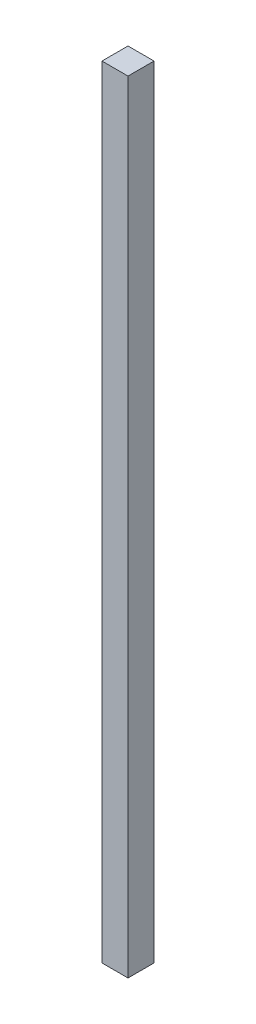
SolidWorks part; units mm, degrees
ref_plane "Front Plane" through (0, 0, 0) normal (0, 0, 1) x (1, 0, 0)
ref_plane "Top Plane" through (0, 0, 0) normal (0, 1, 0) x (1, 0, 0)
ref_plane "Right Plane" through (0, 0, 0) normal (1, 0, 0) x (0, 0, -1)
sketch "Sketch1" plane through (0, 0, 0) normal (0, 1, 0) x (1, 0, 0)
  line L1 (-2.5, 2.5) -> (2.5, 2.5)
  line L2 (-2.5, 2.5) -> (-2.5, -2.5)
  line L3 (-2.5, -2.5) -> (2.5, -2.5)
  line L4 (2.5, 2.5) -> (2.5, -2.5)
  line L5 (-2.5, 2.5) -> (2.5, -2.5) construction
  line L6 (-2.5, -2.5) -> (2.5, 2.5) construction
  point P0 (0, 0)
  dimension "D1" = 5
  dimension "1cm" = 5
extrude "Boss-Extrude1" add sketch "Sketch1" along normal blind 150

What the task asks -
In the records above, retype exactly the lines from the one with "line L2 (-2.5, 2.5) -> (-2.5, -2.5)" through the last one.

Written response -
  line L2 (-2.5, 2.5) -> (-2.5, -2.5)
  line L3 (-2.5, -2.5) -> (2.5, -2.5)
  line L4 (2.5, 2.5) -> (2.5, -2.5)
  line L5 (-2.5, 2.5) -> (2.5, -2.5) construction
  line L6 (-2.5, -2.5) -> (2.5, 2.5) construction
  point P0 (0, 0)
  dimension "D1" = 5
  dimension "1cm" = 5
extrude "Boss-Extrude1" add sketch "Sketch1" along normal blind 150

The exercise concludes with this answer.